*TASK GOAL*.
Return all lines below containing the word "VECTOR".

*SOURCE MATERIAL*.
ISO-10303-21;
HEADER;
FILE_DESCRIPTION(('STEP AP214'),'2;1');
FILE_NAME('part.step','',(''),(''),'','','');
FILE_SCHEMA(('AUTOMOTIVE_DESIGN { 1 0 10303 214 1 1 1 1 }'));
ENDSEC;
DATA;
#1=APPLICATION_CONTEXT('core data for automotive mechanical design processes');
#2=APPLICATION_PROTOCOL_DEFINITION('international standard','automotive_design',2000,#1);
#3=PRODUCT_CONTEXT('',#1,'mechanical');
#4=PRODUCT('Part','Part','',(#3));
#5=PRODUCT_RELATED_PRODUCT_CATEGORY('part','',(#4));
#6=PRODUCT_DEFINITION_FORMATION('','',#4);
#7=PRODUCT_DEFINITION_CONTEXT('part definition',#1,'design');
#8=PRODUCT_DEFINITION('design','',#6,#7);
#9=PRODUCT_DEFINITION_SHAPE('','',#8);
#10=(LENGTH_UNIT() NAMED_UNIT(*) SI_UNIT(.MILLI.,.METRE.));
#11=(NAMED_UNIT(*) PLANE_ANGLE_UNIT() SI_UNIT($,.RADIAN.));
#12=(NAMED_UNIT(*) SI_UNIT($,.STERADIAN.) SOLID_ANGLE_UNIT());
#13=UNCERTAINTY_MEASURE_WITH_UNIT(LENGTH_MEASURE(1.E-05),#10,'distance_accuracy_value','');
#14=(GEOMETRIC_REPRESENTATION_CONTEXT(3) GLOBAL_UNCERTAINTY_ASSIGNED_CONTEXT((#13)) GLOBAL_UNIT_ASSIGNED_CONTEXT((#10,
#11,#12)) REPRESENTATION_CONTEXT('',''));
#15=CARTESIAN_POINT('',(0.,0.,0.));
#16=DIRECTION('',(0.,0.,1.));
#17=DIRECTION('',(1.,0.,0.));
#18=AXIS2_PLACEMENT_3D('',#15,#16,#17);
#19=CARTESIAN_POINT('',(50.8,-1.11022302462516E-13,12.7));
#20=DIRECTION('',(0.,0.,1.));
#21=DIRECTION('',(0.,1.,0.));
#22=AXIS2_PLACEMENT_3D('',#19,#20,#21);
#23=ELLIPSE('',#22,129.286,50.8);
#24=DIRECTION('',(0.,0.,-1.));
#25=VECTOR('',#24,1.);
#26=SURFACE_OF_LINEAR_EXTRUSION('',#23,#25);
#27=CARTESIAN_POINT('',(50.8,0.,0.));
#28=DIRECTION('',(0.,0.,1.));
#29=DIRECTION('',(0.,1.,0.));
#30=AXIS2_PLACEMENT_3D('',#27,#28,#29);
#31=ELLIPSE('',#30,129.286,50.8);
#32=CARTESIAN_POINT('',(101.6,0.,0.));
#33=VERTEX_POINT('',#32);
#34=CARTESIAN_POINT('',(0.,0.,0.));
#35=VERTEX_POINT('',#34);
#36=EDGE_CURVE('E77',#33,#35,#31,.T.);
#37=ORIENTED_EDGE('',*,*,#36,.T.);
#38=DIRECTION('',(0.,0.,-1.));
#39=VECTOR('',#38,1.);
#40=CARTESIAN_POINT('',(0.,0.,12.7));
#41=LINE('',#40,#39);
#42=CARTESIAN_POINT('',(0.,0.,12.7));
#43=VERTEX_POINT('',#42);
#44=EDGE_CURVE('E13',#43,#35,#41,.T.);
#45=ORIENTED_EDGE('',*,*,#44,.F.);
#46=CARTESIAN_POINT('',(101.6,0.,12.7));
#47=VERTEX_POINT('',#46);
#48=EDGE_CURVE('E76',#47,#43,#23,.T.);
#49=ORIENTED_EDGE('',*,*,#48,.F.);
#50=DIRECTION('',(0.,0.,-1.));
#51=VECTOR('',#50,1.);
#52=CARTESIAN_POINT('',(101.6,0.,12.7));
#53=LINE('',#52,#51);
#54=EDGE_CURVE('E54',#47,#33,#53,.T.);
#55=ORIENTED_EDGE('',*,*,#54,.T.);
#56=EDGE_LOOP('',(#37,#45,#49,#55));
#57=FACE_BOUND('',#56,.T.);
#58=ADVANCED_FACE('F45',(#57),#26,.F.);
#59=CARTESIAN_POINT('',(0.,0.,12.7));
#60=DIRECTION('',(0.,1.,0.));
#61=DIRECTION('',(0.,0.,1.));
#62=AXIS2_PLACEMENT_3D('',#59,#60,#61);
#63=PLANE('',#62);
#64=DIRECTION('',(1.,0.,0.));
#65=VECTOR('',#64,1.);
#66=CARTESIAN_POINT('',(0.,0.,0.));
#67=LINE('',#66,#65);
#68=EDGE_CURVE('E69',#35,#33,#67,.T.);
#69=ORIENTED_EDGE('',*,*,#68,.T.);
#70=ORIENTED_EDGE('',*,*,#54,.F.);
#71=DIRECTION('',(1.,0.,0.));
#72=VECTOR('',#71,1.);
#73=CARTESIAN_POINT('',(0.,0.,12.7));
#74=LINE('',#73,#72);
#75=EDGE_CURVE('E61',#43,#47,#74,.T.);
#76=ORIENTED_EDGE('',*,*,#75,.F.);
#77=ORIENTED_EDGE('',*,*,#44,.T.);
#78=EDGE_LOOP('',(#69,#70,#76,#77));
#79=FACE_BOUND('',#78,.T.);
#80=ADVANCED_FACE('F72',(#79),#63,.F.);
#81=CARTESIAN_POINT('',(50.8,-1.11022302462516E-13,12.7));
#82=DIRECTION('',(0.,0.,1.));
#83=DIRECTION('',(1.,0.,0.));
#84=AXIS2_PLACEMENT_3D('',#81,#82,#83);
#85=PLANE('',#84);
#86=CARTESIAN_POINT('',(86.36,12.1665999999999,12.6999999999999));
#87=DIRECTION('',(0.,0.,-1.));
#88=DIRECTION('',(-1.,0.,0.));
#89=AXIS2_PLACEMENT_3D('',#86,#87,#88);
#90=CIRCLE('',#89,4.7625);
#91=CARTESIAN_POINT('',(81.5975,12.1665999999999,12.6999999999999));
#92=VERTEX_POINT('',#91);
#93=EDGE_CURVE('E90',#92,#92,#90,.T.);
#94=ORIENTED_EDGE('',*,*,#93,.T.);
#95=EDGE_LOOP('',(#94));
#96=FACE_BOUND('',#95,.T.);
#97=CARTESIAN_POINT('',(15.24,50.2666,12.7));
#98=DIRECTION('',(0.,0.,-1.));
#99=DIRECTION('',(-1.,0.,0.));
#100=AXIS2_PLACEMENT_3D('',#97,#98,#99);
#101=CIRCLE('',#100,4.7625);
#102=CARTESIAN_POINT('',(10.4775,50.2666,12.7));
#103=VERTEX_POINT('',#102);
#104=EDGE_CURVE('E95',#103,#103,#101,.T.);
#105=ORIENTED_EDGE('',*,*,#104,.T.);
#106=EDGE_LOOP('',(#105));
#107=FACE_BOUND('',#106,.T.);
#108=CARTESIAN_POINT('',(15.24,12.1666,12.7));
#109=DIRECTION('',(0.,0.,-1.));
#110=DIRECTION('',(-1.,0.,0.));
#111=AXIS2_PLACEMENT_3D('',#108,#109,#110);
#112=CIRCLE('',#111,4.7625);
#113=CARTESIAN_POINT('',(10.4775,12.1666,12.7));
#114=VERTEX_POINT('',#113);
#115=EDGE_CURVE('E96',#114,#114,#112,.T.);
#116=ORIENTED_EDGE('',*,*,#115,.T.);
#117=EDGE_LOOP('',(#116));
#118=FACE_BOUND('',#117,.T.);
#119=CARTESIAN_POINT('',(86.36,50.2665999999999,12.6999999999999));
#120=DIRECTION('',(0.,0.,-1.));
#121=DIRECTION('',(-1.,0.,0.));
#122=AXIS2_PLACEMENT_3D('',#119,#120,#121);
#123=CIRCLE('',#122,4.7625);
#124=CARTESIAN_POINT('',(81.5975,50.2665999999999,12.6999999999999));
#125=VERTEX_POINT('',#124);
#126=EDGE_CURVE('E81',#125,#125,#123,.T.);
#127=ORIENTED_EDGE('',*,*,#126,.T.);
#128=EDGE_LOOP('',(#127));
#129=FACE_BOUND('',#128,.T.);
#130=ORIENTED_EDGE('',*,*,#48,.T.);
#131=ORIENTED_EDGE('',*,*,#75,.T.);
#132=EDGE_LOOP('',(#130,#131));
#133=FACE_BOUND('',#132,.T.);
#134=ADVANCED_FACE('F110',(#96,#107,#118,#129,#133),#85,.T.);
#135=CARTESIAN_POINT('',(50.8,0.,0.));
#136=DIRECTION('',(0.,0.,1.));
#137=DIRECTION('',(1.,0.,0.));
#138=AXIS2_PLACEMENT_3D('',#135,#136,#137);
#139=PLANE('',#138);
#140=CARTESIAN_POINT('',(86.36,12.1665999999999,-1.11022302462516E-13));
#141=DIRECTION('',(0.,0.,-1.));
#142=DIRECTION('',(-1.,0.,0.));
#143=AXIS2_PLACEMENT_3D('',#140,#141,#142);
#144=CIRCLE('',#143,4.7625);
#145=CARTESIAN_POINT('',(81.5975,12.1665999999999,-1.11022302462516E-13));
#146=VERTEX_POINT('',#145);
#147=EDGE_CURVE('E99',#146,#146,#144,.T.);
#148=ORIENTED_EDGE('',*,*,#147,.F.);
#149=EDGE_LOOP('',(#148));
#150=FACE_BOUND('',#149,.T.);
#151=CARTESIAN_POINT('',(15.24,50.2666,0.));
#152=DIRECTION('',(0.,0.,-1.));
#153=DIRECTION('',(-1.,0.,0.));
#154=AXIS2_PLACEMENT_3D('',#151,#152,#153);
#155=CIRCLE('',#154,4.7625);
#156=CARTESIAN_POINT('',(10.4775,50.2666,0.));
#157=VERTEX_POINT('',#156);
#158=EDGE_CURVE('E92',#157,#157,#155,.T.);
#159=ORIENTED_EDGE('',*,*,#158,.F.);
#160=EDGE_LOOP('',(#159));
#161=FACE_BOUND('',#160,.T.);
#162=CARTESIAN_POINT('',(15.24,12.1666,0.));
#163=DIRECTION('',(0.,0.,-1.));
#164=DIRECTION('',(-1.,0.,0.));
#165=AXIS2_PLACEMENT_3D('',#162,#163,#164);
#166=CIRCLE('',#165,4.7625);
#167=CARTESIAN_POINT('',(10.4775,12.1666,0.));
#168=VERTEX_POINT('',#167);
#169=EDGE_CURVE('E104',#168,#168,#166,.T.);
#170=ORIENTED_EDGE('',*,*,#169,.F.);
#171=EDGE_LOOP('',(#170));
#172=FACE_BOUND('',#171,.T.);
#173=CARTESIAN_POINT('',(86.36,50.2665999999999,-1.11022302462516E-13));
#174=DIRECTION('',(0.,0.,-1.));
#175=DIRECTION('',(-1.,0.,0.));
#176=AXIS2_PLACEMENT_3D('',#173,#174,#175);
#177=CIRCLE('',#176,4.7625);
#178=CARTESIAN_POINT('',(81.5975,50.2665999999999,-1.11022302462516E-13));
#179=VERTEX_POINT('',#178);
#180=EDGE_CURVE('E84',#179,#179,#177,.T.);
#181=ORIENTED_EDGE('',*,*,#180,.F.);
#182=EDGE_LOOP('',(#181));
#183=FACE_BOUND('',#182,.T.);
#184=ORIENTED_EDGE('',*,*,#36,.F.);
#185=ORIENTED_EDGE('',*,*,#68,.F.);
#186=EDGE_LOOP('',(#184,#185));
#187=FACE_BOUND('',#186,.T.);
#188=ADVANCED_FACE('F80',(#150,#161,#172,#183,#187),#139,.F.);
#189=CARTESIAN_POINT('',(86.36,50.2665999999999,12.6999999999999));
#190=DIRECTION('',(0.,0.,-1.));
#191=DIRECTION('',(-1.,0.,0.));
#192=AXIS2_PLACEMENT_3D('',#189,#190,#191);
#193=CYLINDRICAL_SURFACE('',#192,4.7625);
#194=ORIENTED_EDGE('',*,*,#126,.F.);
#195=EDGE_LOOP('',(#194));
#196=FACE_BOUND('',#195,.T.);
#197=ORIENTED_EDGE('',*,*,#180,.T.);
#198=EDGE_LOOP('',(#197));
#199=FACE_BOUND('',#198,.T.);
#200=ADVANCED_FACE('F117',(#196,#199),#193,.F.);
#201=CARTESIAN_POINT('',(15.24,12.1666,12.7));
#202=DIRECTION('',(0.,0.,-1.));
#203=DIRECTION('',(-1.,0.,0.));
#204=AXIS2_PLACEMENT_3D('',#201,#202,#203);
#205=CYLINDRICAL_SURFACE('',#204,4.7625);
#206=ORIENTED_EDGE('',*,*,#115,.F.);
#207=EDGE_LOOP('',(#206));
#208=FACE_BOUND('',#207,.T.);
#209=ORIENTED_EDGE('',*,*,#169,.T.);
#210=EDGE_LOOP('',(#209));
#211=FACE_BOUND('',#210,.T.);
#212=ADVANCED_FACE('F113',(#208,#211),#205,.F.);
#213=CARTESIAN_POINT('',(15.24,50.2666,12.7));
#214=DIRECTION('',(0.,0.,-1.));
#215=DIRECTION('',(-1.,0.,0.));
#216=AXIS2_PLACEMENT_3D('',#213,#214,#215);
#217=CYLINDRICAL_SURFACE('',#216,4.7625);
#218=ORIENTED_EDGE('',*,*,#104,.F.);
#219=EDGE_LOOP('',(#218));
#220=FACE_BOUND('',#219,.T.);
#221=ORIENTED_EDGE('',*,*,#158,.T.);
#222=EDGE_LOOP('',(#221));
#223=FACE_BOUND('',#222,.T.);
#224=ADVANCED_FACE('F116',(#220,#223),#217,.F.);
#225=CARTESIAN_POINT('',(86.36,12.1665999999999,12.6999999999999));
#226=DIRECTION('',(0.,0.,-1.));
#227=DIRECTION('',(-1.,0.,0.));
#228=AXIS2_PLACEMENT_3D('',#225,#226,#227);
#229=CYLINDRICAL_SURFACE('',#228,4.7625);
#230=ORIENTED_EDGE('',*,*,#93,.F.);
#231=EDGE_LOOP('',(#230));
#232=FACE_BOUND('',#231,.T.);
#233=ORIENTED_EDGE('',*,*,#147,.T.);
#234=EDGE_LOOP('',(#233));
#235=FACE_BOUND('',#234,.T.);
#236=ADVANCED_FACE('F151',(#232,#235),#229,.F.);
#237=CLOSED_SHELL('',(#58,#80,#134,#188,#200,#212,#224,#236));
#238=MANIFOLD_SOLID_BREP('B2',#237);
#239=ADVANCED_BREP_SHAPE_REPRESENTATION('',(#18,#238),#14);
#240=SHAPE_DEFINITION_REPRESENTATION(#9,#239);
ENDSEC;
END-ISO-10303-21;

*RESPONSE BOX*.
#25=VECTOR('',#24,1.);
#39=VECTOR('',#38,1.);
#51=VECTOR('',#50,1.);
#65=VECTOR('',#64,1.);
#72=VECTOR('',#71,1.);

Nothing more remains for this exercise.